### Work to complete
Only the lines with the string "units" are needed; return each of them from the entries below.

(Saved data entries)
-------------------------

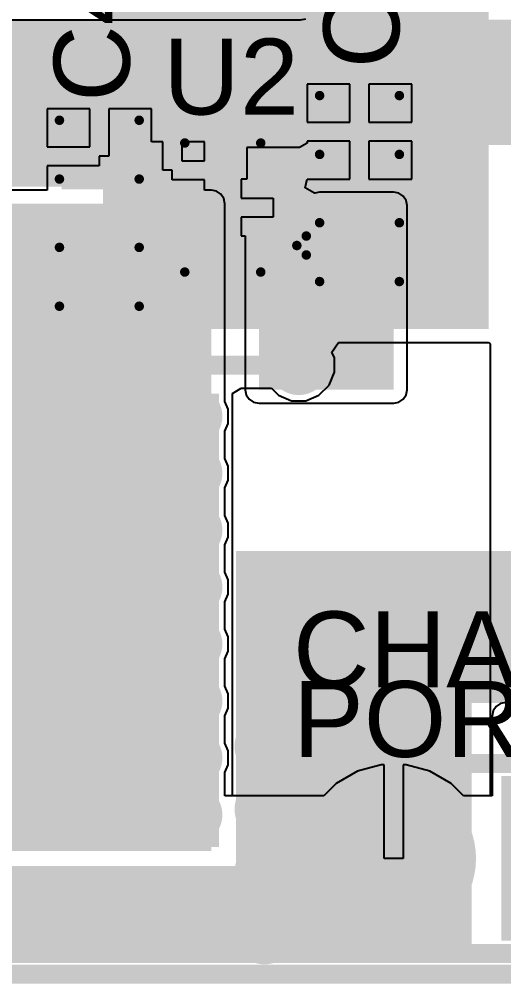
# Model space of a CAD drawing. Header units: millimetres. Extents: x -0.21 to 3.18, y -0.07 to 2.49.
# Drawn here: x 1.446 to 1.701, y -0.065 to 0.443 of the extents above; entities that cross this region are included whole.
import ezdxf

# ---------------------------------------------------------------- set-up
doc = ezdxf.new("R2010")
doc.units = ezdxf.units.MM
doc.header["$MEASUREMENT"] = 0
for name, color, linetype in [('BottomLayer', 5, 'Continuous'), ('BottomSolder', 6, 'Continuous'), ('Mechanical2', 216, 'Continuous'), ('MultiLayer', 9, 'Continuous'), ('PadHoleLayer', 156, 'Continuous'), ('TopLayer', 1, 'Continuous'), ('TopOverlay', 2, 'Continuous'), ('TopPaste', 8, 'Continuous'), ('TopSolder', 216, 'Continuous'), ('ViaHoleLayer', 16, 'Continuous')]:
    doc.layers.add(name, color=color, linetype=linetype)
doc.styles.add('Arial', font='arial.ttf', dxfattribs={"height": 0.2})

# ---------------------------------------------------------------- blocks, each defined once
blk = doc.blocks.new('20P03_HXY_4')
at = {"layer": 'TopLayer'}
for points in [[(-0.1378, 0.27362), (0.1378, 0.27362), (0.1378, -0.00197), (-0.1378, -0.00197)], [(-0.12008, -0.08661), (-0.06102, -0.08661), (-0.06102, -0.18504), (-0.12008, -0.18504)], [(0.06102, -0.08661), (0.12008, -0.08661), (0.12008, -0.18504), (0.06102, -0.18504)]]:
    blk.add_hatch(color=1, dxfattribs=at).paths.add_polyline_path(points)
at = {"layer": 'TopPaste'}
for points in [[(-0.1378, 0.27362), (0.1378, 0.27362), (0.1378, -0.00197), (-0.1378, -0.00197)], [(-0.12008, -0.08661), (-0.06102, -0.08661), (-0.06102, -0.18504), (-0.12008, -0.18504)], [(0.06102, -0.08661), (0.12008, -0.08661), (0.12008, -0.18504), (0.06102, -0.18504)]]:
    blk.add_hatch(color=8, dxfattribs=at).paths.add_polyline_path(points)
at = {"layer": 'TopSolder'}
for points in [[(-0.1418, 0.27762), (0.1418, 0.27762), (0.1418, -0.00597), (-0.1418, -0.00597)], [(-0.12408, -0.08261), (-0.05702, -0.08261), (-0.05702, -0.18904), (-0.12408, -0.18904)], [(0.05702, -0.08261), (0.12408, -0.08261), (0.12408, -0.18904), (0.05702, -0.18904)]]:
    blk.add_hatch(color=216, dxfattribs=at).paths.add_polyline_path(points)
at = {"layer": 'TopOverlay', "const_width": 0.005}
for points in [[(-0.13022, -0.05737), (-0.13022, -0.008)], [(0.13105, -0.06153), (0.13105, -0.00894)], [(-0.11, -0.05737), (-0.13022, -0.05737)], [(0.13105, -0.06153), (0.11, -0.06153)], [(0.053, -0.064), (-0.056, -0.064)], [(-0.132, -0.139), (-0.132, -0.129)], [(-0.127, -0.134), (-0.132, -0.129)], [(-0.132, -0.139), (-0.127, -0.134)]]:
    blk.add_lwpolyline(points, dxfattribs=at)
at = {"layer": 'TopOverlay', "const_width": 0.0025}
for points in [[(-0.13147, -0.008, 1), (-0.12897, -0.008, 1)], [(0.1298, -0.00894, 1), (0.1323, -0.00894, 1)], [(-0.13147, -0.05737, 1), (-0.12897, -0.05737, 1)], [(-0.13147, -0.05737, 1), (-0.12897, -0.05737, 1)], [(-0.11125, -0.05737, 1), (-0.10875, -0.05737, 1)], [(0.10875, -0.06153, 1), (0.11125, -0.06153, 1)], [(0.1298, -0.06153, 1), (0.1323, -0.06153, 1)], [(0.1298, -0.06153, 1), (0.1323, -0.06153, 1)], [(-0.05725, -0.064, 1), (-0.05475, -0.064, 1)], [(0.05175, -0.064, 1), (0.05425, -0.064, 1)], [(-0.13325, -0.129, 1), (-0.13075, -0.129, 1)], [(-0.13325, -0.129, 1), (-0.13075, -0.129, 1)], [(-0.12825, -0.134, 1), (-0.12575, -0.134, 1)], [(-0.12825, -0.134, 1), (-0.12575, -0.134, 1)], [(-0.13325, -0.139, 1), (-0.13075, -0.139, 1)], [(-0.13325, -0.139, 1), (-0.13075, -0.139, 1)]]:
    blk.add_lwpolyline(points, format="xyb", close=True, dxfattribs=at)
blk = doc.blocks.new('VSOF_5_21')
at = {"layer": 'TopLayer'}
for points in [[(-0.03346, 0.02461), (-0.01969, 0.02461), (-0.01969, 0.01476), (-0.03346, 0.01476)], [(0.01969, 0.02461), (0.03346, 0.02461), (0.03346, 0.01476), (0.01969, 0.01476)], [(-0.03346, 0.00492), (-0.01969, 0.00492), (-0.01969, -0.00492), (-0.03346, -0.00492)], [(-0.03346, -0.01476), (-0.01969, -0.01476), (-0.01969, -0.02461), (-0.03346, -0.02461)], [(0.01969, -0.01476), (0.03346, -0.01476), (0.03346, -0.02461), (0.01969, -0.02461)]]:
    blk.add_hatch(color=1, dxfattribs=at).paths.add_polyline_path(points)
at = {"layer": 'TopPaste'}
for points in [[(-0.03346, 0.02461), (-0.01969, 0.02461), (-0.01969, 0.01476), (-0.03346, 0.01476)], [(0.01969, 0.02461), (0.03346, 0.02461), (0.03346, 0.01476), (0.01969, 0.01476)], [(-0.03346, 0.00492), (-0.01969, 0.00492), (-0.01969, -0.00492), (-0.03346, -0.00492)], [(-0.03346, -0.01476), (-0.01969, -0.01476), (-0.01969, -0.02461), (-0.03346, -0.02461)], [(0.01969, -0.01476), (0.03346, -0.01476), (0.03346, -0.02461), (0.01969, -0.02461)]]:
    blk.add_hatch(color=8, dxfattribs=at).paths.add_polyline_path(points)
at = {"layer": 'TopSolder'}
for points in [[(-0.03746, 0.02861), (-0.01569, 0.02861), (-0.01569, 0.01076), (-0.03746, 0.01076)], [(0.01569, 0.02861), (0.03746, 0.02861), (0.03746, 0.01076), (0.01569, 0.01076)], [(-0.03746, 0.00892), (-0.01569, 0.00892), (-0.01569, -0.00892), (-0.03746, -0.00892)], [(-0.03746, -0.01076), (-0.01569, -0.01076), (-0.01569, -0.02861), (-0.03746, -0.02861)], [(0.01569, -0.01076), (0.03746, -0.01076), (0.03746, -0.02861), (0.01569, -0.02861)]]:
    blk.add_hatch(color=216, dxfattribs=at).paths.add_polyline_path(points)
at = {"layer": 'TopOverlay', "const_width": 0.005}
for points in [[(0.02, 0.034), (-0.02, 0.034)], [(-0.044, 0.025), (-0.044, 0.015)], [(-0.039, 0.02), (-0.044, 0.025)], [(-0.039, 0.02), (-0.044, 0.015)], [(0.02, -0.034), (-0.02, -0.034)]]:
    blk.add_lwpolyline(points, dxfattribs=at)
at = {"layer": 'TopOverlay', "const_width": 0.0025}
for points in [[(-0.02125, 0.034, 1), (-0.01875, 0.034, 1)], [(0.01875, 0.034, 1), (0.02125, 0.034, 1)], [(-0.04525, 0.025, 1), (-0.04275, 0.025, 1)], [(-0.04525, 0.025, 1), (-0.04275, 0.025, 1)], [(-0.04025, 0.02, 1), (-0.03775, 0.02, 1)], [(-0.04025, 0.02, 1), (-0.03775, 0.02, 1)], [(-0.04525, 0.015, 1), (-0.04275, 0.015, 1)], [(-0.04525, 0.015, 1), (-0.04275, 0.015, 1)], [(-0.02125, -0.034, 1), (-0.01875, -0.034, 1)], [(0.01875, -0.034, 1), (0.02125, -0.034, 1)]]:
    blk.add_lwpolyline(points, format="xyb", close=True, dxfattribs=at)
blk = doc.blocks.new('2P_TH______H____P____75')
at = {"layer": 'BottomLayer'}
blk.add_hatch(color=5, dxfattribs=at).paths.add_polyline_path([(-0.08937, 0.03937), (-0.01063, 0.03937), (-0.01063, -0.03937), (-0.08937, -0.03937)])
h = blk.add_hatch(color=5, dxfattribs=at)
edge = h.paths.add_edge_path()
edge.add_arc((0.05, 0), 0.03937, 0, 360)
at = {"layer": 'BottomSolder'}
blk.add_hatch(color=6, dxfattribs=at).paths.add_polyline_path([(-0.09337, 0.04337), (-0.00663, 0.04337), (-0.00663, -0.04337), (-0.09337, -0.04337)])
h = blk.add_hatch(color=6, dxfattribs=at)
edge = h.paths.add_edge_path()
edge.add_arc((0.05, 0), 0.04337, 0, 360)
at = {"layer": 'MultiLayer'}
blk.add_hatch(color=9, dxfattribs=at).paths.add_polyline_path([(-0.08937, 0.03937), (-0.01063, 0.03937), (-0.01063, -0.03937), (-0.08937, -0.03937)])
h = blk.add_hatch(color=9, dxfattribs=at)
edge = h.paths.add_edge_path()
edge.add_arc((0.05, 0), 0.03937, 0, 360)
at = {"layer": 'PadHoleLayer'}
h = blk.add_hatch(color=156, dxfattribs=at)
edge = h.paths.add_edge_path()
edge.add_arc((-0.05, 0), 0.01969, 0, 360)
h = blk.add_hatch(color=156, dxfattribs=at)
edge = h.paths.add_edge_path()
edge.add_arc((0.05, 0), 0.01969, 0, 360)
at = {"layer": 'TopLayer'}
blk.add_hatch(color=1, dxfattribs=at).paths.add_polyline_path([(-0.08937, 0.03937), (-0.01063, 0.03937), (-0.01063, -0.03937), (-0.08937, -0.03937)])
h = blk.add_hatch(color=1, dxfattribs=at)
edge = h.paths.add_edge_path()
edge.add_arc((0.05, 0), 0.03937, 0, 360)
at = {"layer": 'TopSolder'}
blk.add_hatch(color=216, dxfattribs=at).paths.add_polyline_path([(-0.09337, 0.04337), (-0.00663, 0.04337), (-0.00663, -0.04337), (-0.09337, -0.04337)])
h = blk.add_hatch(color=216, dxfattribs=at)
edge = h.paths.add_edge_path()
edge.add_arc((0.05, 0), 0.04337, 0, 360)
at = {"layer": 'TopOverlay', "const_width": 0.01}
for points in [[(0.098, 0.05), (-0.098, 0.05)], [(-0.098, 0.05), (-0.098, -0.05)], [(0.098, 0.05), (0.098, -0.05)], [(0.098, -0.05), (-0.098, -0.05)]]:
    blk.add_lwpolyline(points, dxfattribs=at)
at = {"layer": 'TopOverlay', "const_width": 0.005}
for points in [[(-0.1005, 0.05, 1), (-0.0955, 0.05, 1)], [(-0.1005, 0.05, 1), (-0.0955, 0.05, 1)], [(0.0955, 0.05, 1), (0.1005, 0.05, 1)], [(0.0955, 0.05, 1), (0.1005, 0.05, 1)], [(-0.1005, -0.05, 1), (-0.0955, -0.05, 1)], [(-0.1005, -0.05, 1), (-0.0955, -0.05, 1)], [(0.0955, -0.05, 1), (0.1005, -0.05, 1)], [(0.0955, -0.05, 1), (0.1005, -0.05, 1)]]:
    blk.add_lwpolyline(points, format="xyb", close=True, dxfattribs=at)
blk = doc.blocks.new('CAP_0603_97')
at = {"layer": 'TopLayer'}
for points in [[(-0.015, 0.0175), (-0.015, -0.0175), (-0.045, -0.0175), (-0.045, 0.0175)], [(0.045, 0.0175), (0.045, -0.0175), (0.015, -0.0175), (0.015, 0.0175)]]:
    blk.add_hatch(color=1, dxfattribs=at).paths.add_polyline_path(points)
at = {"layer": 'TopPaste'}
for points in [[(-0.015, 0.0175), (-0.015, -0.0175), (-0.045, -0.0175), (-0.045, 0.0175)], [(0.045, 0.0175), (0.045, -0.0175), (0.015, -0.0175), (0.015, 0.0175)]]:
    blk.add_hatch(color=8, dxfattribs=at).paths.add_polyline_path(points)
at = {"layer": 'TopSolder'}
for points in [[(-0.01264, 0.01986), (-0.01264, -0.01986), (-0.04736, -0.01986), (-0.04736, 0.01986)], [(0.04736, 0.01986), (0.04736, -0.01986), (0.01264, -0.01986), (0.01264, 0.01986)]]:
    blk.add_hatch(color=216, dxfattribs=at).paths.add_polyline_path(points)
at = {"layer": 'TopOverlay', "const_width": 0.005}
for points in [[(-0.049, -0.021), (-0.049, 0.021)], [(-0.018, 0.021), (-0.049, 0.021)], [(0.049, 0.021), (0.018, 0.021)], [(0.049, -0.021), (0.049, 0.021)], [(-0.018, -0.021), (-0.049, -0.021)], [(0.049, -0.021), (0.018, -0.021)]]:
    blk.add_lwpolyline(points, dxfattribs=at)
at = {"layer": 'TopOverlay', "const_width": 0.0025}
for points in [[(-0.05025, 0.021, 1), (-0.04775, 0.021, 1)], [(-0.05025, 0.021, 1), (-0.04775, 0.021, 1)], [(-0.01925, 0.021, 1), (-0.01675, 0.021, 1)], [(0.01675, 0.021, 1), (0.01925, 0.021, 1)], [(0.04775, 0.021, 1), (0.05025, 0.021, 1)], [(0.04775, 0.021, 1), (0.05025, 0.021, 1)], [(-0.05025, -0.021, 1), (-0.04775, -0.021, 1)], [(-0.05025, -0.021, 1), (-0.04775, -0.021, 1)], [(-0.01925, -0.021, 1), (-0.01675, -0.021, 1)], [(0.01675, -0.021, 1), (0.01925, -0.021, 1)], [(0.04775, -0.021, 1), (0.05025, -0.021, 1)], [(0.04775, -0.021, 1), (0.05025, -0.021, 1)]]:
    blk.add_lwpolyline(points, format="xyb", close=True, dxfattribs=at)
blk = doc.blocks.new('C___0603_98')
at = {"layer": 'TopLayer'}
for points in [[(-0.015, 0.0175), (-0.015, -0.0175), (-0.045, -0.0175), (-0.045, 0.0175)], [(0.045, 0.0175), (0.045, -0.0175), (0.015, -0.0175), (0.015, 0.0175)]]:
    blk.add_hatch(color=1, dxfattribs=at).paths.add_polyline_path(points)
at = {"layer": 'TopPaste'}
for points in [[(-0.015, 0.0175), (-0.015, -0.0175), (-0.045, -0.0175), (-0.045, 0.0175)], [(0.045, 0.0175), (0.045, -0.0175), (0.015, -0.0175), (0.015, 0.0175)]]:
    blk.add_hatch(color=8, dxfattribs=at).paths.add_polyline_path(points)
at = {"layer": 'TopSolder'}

-------------------------

### Result for this task
# Model space of a CAD drawing. Header units: millimetres. Extents: x -0.21 to 3.18, y -0.07 to 2.49.
doc.units = ezdxf.units.MM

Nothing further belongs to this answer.